La BITD à l’épreuve de l’économie de guerre : comment faire face aux nouveaux défis ?

Grégory Chigolet, conseiller économique de l’Etat-Major des Armées, a présenté aux membres de la SFAF l’organisation et les enjeux de la base industrielle et technologique de défense française à l’occasion d’une conférence.  

Mardi 6 février 2024, le groupe sectoriel Aéronautique-Défense-Espace et Sécurité de la SFAF, présidé par Antoine Nodet et Philippe Clermont, a invité le Dr Grégory Chigolet, micro-économiste et conseiller économique de l’Etat-Major des Armées, afin de présenter l’organisation et les enjeux de la base industrielle et technologique de défense (BITD) française.  

Qu’est-ce que la BITD ?
La BITD est formée par l’ensemble des entreprises qui concourent à la production d’armes ainsi qu’à l’entretien du matériel des armées. Aujourd’hui, elle compte entre 4000 et 5000 entreprises qui s’attèlent à la conception, à la production et au maintien en condition opérationnelle (MCO) des équipements. Pour près des neuf dixièmes, il s’agit de PME et le secteur emploie 200 000 à 250 000 personnes. Sa caractéristique principale est donc son éparpillement. A titre de comparaison, la Russie compte 450 à 500 entreprises et emploie 2 millions à 2,5 millions de salariés.

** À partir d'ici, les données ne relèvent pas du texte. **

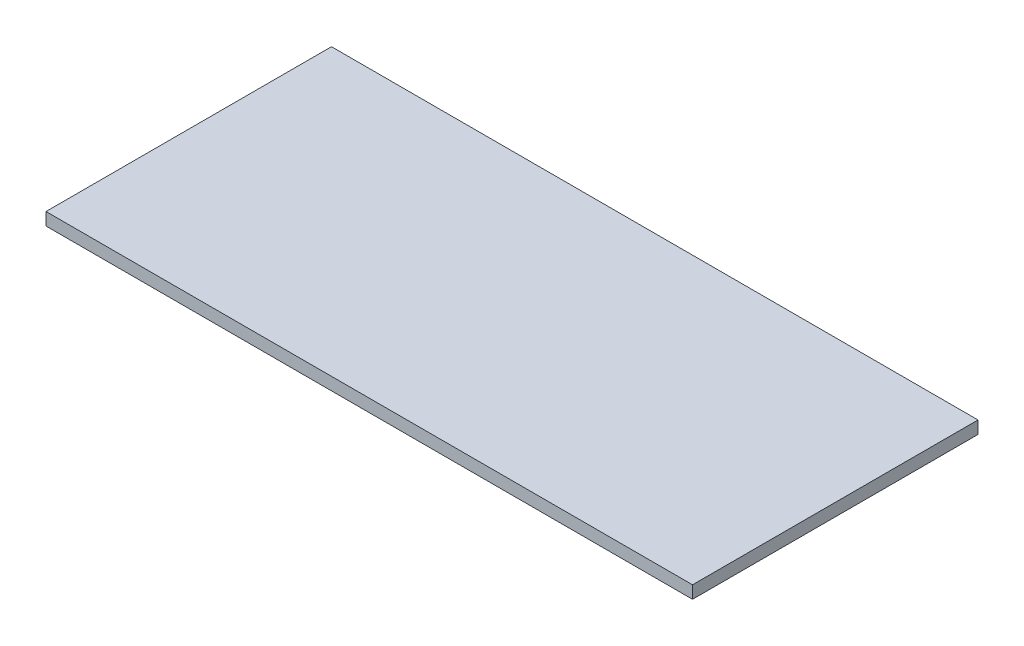
SolidWorks part; units mm, degrees
ref_plane "Front Plane" through (0, 0, 0) normal (0, 0, 1) x (1, 0, 0)
ref_plane "Top Plane" through (0, 0, 0) normal (0, 1, 0) x (1, 0, 0)
ref_plane "Right Plane" through (0, 0, 0) normal (1, 0, 0) x (0, 0, -1)
sketch "Sketch1" plane through (0, 0, 0) normal (0, 1, 0) x (1, 0, 0)
  line L1 (488.95, -215.9) -> (-488.95, -215.9)
  line L2 (488.95, -215.9) -> (488.95, 215.9)
  line L3 (488.95, 215.9) -> (-488.95, 215.9)
  line L4 (-488.95, -215.9) -> (-488.95, 215.9)
  line L5 (488.95, -215.9) -> (-488.95, 215.9) construction
  line L6 (488.95, 215.9) -> (-488.95, -215.9) construction
  point P0 (0, 0)
  dimension "D1" = 431.8
  dimension "D2" = 977.9
extrude "Glass" add sketch "Sketch1" along normal blind 19.05

Le rapport est donc de 1 à 10.

L’économie de guerre : le nouveau contexte de la BITD
La recrudescence des tensions internationales, enclenchée par le début du conflit en Ukraine en février 2022, a conduit le président de la République à affirmer une nouvelle orientation pour l’industrie de défense lors de son discours au salon d’Eurosatory en juin 2022 : « … une économie dans laquelle il faudra aller plus vite, réfléchir différemment sur les rythmes, les montées en charge, les marges, pour pouvoir reconstituer plus rapidement ce qui est indispensable pour nos forces armées, pour nos alliés ou pour celles et ceux que nous voulons aider… »(1).
L’idée a depuis gagné en épaisseur et a été synthétisée à travers un concept : l’économie de guerre.
Il n’existe toutefois pas de définition précise et unanimement partagée de « l’économie de guerre ». Intuitivement, l’expression renvoie à l’idée qu’il faut configurer la production pour être en mesure de faire face à un conflit. Cette mutation se fait alors progressivement en réorientant les capitaux afin de développer les secteurs les plus utiles à l’armée. L’économie de guerre implique donc l’idée d’un processus, d’une transition. Si on veut aller au-delà de ce premier niveau d’analyse, il faut spécifier les objectifs que cherche à atteindre cette économie et les contraintes qui s’exercent sur le processus pour l’établir. Concernant ses buts, on peut les circonscrire à l’aide de 3 caractéristiques :

  1. Être capable de soutenir l’effort de guerre en produisant des armes et en assurant leur entretien ;
  2. Avoir une économie cohérente (la mise en adéquation de l’ensemble de l’économie avec les besoins de la défense) ;
  3. Assurer la mise en configuration de l’économie en tant qu’arme dans une optique offensive et défensive.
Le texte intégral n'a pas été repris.